Acropyga acutiventris is an ant in the subfamily Formicinae. It lives underground in tropical regions and forms a mutualistic association with the mealybug, Xenococcus annandalei.

==Description==
This ant has the small eyes, compact body and yellowish-brown colouration typical of many ants that live underground. It can be separated from other Formicine ants found in Australia by the fact that the antennae have eleven segments, the eyes are multifaceted and clearly defined, and the first and second funicular segments are the same size.

==Distribution==
This ant is found in rainforests in tropical regions of India, Hong Kong, Malaysia, Sarawak, Singapore, Vietnam, Papua New Guinea and parts of the Northern Territory and Queensland in Australia.

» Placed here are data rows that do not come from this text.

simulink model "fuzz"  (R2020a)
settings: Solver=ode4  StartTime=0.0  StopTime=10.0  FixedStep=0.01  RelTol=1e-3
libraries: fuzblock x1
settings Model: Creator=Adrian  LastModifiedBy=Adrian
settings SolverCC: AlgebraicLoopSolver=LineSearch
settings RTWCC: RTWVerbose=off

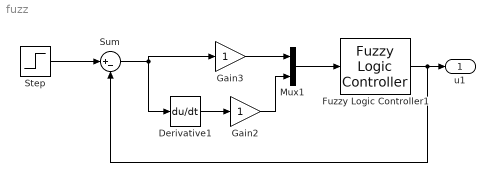
== system fuzz ==
  Derivative1 : Derivative
  Fuzzy Logic Controller1 : fuzblock/Fuzzy Logic  Controller  FIS='FUZZY_controller.fis'  OutputSampleNumber=101  DataType=double  FuzzifiedInputs=off  RuleFiringStrengths=off  RuleOutputs=off  AggregatedOutputs=off  SimulateUsing=Interpreted execution  OutOfRangeInputValueMessage=warning  NoRuleFiredMessage=warning  EmptyOutputFuzzySetMessage=warning
  Gain2 : Gain
  Gain3 : Gain
  Mux1 : Mux  Inputs=2
  Step : Step  Time=2  After=30  SampleTime=0
  Sum : Sum  Inputs=|+-
  u1 : Outport
  wires:
  Mux1/1 -> Fuzzy Logic Controller1/1
  Gain2/1 -> Mux1/2
  Gain3/1 -> Mux1/1
  Sum/1 -> Derivative1/1, Gain3/1
  Derivative1/1 -> Gain2/1
  Fuzzy Logic Controller1/1 -> Sum/2, u1/1
  Step/1 -> Sum/1
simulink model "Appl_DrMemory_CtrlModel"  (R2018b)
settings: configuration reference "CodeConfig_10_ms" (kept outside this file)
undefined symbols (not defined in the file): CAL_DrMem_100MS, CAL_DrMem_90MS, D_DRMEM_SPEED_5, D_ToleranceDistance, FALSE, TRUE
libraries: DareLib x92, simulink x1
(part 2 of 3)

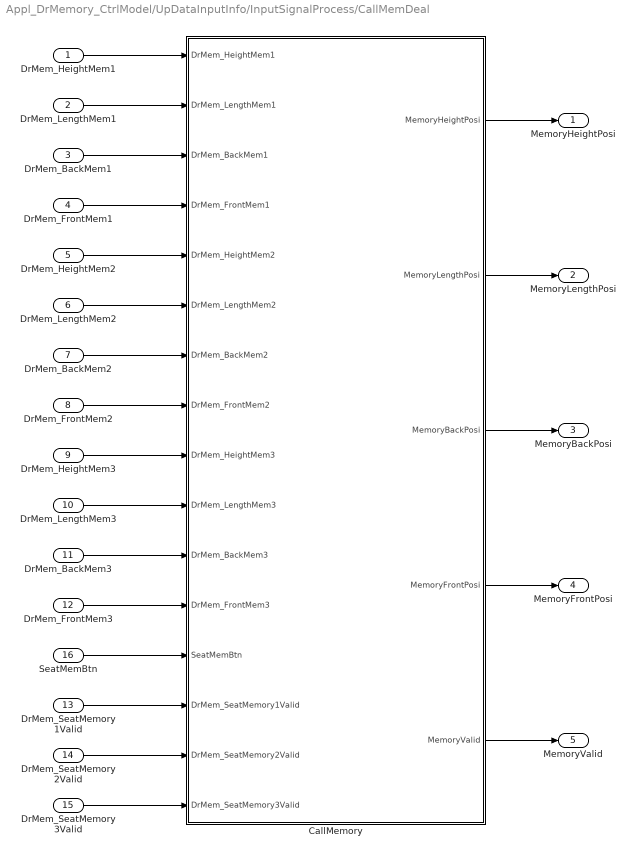
== system Appl_DrMemory_CtrlModel/UpDataInputInfo/InputSignalProcess/CallMemDeal ==
  DrMem_HeightMem1 : Inport
  DrMem_LengthMem1 : Inport  Port=2
  DrMem_BackMem1 : Inport  Port=3
  DrMem_FrontMem1 : Inport  Port=4
  DrMem_HeightMem2 : Inport  Port=5
  DrMem_LengthMem2 : Inport  Port=6
  DrMem_BackMem2 : Inport  Port=7
  DrMem_FrontMem2 : Inport  Port=8
  DrMem_HeightMem3 : Inport  Port=9
  DrMem_LengthMem3 : Inport  Port=10
  DrMem_BackMem3 : Inport  Port=11
  DrMem_FrontMem3 : Inport  Port=12
  DrMem_SeatMemory1Valid : Inport  Port=13
  DrMem_SeatMemory2Valid : Inport  Port=14
  DrMem_SeatMemory3Valid : Inport  Port=15
  SeatMemBtn : Inport  Port=16
  CallMemory : Stateflow chart  TreatAsAtomicUnit=on
  MemoryHeightPosi : Outport
  MemoryLengthPosi : Outport  Port=2
  MemoryBackPosi : Outport  Port=3
  MemoryFrontPosi : Outport  Port=4
  MemoryValid : Outport  Port=5
  wires:
  DrMem_LengthMem1/1 -> CallMemory/2(DrMem_LengthMem1)
  DrMem_BackMem1/1 -> CallMemory/3(DrMem_BackMem1)
  DrMem_HeightMem1/1 -> CallMemory/1(DrMem_HeightMem1)
  DrMem_FrontMem1/1 -> CallMemory/4(DrMem_FrontMem1)
  DrMem_HeightMem2/1 -> CallMemory/5(DrMem_HeightMem2)
  DrMem_LengthMem2/1 -> CallMemory/6(DrMem_LengthMem2)
  DrMem_BackMem2/1 -> CallMemory/7(DrMem_BackMem2)
  DrMem_FrontMem2/1 -> CallMemory/8(DrMem_FrontMem2)
  DrMem_HeightMem3/1 -> CallMemory/9(DrMem_HeightMem3)
  DrMem_LengthMem3/1 -> CallMemory/10(DrMem_LengthMem3)
  DrMem_BackMem3/1 -> CallMemory/11(DrMem_BackMem3)
  SeatMemBtn/1 -> CallMemory/13(SeatMemBtn)
  DrMem_FrontMem3/1 -> CallMemory/12(DrMem_FrontMem3)
  CallMemory/1(MemoryHeightPosi) -> MemoryHeightPosi/1
  CallMemory/3(MemoryBackPosi) -> MemoryBackPosi/1
  CallMemory/4(MemoryFrontPosi) -> MemoryFrontPosi/1
  CallMemory/2(MemoryLengthPosi) -> MemoryLengthPosi/1
  CallMemory/5(MemoryValid) -> MemoryValid/1
  DrMem_SeatMemory3Valid/1 -> CallMemory/16(DrMem_SeatMemory3Valid)
  DrMem_SeatMemory2Valid/1 -> CallMemory/15(DrMem_SeatMemory2Valid)
  DrMem_SeatMemory1Valid/1 -> CallMemory/14(DrMem_SeatMemory1Valid)

== system Appl_DrMemory_CtrlModel/UpDataInputInfo/InputSignalProcess/HmiMessageDeal ==
  DrMem_IVI_FLSeatMemSet1 : Inport
  DrMem_IVI_FLSeatMemSet2 : Inport  Port=2
  DrMem_IVI_FLSeatMemSet3 : Inport  Port=3
  HmiDeal : Stateflow chart  TreatAsAtomicUnit=on
  SeatMemBtn : Outport
  wires:
  DrMem_IVI_FLSeatMemSet1/1 -> HmiDeal/1(DrMem_IVI_FLSeatMemSet1)
  DrMem_IVI_FLSeatMemSet2/1 -> HmiDeal/2(DrMem_IVI_FLSeatMemSet2)
  HmiDeal/1(SeatMemBtn) -> SeatMemBtn/1
  DrMem_IVI_FLSeatMemSet3/1 -> HmiDeal/3(DrMem_IVI_FLSeatMemSet3)

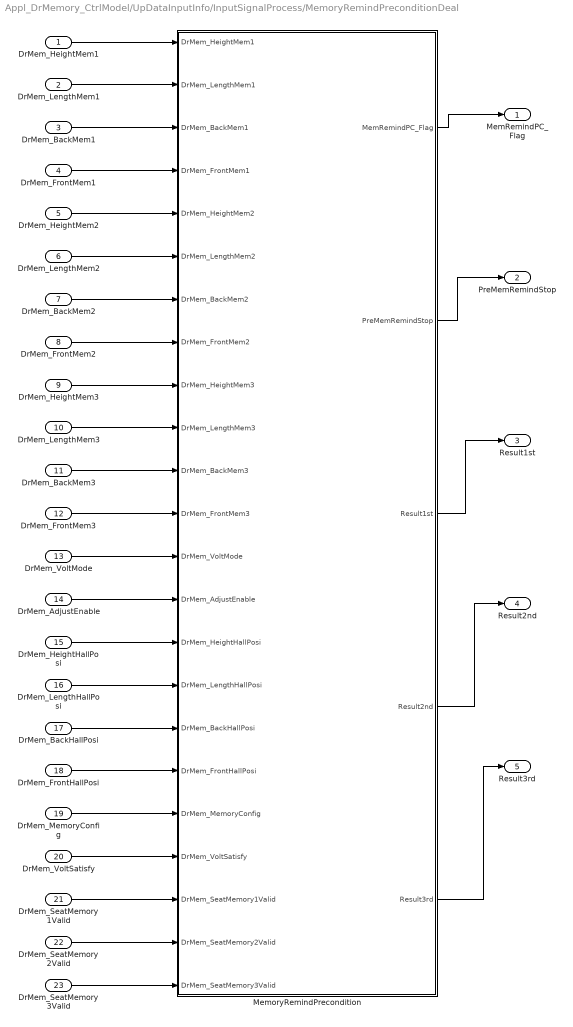
== system Appl_DrMemory_CtrlModel/UpDataInputInfo/InputSignalProcess/MemoryRemindPreconditionDeal ==
  DrMem_HeightMem1 : Inport
  DrMem_LengthMem1 : Inport  Port=2
  DrMem_BackMem1 : Inport  Port=3
  DrMem_FrontMem1 : Inport  Port=4
  DrMem_HeightMem2 : Inport  Port=5
  DrMem_LengthMem2 : Inport  Port=6
  DrMem_BackMem2 : Inport  Port=7
  DrMem_FrontMem2 : Inport  Port=8
  DrMem_HeightMem3 : Inport  Port=9
  DrMem_LengthMem3 : Inport  Port=10
  DrMem_BackMem3 : Inport  Port=11
  DrMem_FrontMem3 : Inport  Port=12
  DrMem_VoltMode : Inport  Port=13
  DrMem_AdjustEnable : Inport  Port=14
  DrMem_HeightHallPosi : Inport  Port=15
  DrMem_LengthHallPosi : Inport  Port=16
  DrMem_BackHallPosi : Inport  Port=17
  DrMem_FrontHallPosi : Inport  Port=18
  DrMem_MemoryConfig : Inport  Port=19
  DrMem_VoltSatisfy : Inport  Port=20
  DrMem_SeatMemory1Valid : Inport  Port=21
  DrMem_SeatMemory2Valid : Inport  Port=22
  DrMem_SeatMemory3Valid : Inport  Port=23
  MemoryRemindPrecondition : Stateflow chart  TreatAsAtomicUnit=on
  MemRemindPC_Flag : Outport
  PreMemRemindStop : Outport  Port=2
  Result1st : Outport  Port=3
  Result2nd : Outport  Port=4
  Result3rd : Outport  Port=5
  wires:
  DrMem_FrontMem3/1 -> MemoryRemindPrecondition/12(DrMem_FrontMem3)
  DrMem_VoltMode/1 -> MemoryRemindPrecondition/13(DrMem_VoltMode)
  DrMem_BackMem3/1 -> MemoryRemindPrecondition/11(DrMem_BackMem3)
  DrMem_LengthMem3/1 -> MemoryRemindPrecondition/10(DrMem_LengthMem3)
  DrMem_HeightMem3/1 -> MemoryRemindPrecondition/9(DrMem_HeightMem3)
  DrMem_FrontMem2/1 -> MemoryRemindPrecondition/8(DrMem_FrontMem2)
  DrMem_BackMem2/1 -> MemoryRemindPrecondition/7(DrMem_BackMem2)
  DrMem_LengthMem2/1 -> MemoryRemindPrecondition/6(DrMem_LengthMem2)
  DrMem_HeightMem2/1 -> MemoryRemindPrecondition/5(DrMem_HeightMem2)
  DrMem_FrontMem1/1 -> MemoryRemindPrecondition/4(DrMem_FrontMem1)
  DrMem_HeightMem1/1 -> MemoryRemindPrecondition/1(DrMem_HeightMem1)
  DrMem_BackMem1/1 -> MemoryRemindPrecondition/3(DrMem_BackMem1)
  DrMem_LengthMem1/1 -> MemoryRemindPrecondition/2(DrMem_LengthMem1)
  DrMem_AdjustEnable/1 -> MemoryRemindPrecondition/14(DrMem_AdjustEnable)
  DrMem_HeightHallPosi/1 -> MemoryRemindPrecondition/15(DrMem_HeightHallPosi)
  DrMem_LengthHallPosi/1 -> MemoryRemindPrecondition/16(DrMem_LengthHallPosi)
  DrMem_BackHallPosi/1 -> MemoryRemindPrecondition/17(DrMem_BackHallPosi)
  DrMem_FrontHallPosi/1 -> MemoryRemindPrecondition/18(DrMem_FrontHallPosi)
  MemoryRemindPrecondition/1(MemRemindPC_Flag) -> MemRemindPC_Flag/1
  MemoryRemindPrecondition/2(PreMemRemindStop) -> PreMemRemindStop/1
  MemoryRemindPrecondition/3(Result1st) -> Result1st/1
  MemoryRemindPrecondition/4(Result2nd) -> Result2nd/1
  MemoryRemindPrecondition/5(Result3rd) -> Result3rd/1
  DrMem_MemoryConfig/1 -> MemoryRemindPrecondition/19(DrMem_MemoryConfig)
  DrMem_VoltSatisfy/1 -> MemoryRemindPrecondition/20(DrMem_VoltSatisfy)
  DrMem_SeatMemory1Valid/1 -> MemoryRemindPrecondition/21(DrMem_SeatMemory1Valid)
  DrMem_SeatMemory3Valid/1 -> MemoryRemindPrecondition/23(DrMem_SeatMemory3Valid)
  DrMem_SeatMemory2Valid/1 -> MemoryRemindPrecondition/22(DrMem_SeatMemory2Valid)

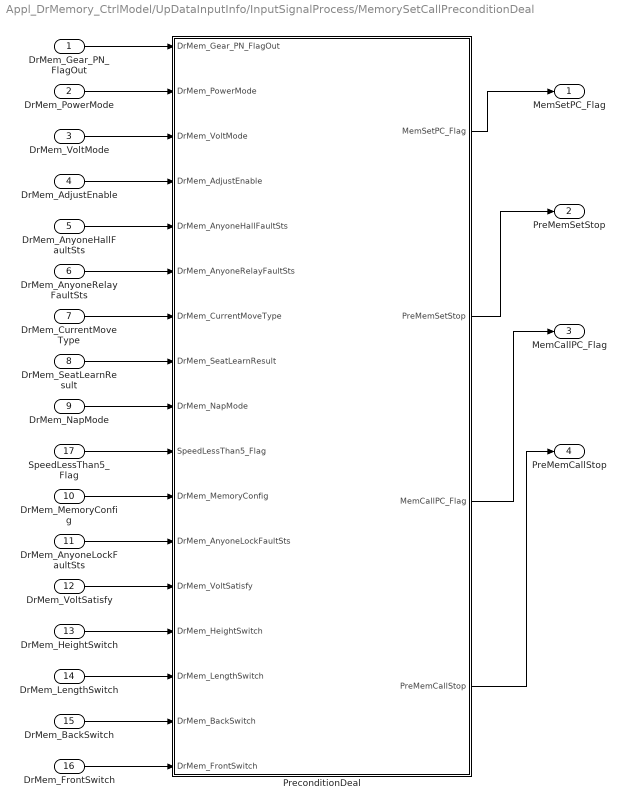
== system Appl_DrMemory_CtrlModel/UpDataInputInfo/InputSignalProcess/MemorySetCallPreconditionDeal ==
  DrMem_Gear_PN_FlagOut : Inport
  DrMem_PowerMode : Inport  Port=2
  DrMem_VoltMode : Inport  Port=3
  DrMem_AdjustEnable : Inport  Port=4
  DrMem_AnyoneHallFaultSts : Inport  Port=5
  DrMem_AnyoneRelayFaultSts : Inport  Port=6
  DrMem_CurrentMoveType : Inport  Port=7
  DrMem_SeatLearnResult : Inport  Port=8
  DrMem_NapMode : Inport  Port=9
  DrMem_MemoryConfig : Inport  Port=10
  DrMem_AnyoneLockFaultSts : Inport  Port=11
  DrMem_VoltSatisfy : Inport  Port=12
  DrMem_HeightSwitch : Inport  Port=13
  DrMem_LengthSwitch : Inport  Port=14
  DrMem_BackSwitch : Inport  Port=15
  DrMem_FrontSwitch : Inport  Port=16
  SpeedLessThan5_Flag : Inport  Port=17
  PreconditionDeal : Stateflow chart  TreatAsAtomicUnit=on
  MemSetPC_Flag : Outport
  PreMemSetStop : Outport  Port=2
  MemCallPC_Flag : Outport  Port=3
  PreMemCallStop : Outport  Port=4
  wires:
  DrMem_Gear_PN_FlagOut/1 -> PreconditionDeal/1(DrMem_Gear_PN_FlagOut)
  DrMem_PowerMode/1 -> PreconditionDeal/2(DrMem_PowerMode)
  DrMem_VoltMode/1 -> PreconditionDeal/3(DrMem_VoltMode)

In Australia it is not usually found above 300 metres and occupies a similar range to the weaver ant, Oecophylla smaragdina.

==Biology==
This ant lives in association with the mealybug, Xenococcus annandalei in its underground nest. The mealybug is a subterranean species and sucks sap from the rootlets of certain trees, particularly species of Ficus and the coconut palm. It exudes drops of honeydew which form part of the diet of the ant. Worker ants tend the mealybugs and stimulate the production of honeydew by stroking their abdomens. If the ant colony is disturbed and the ants are forced to disperse, each takes a female mealybug to the new nest site, carrying it in her mandibles. When the soil is warm and damp, the ants and mealybugs remain just below the surface, but during cold, dry weather they descend to greater depths. This mutualistic arrangement seems to occur throughout the range of the ant.

Xenococcus annandalei has not been found anywhere except in association with A. acutiventris in its nest, and while being transported by the queen who carries a female mealybug on her nuptial flight. The colony she founds is thus provided with the food supply it needs to prosper. No other means of dispersal is known for this mealybug.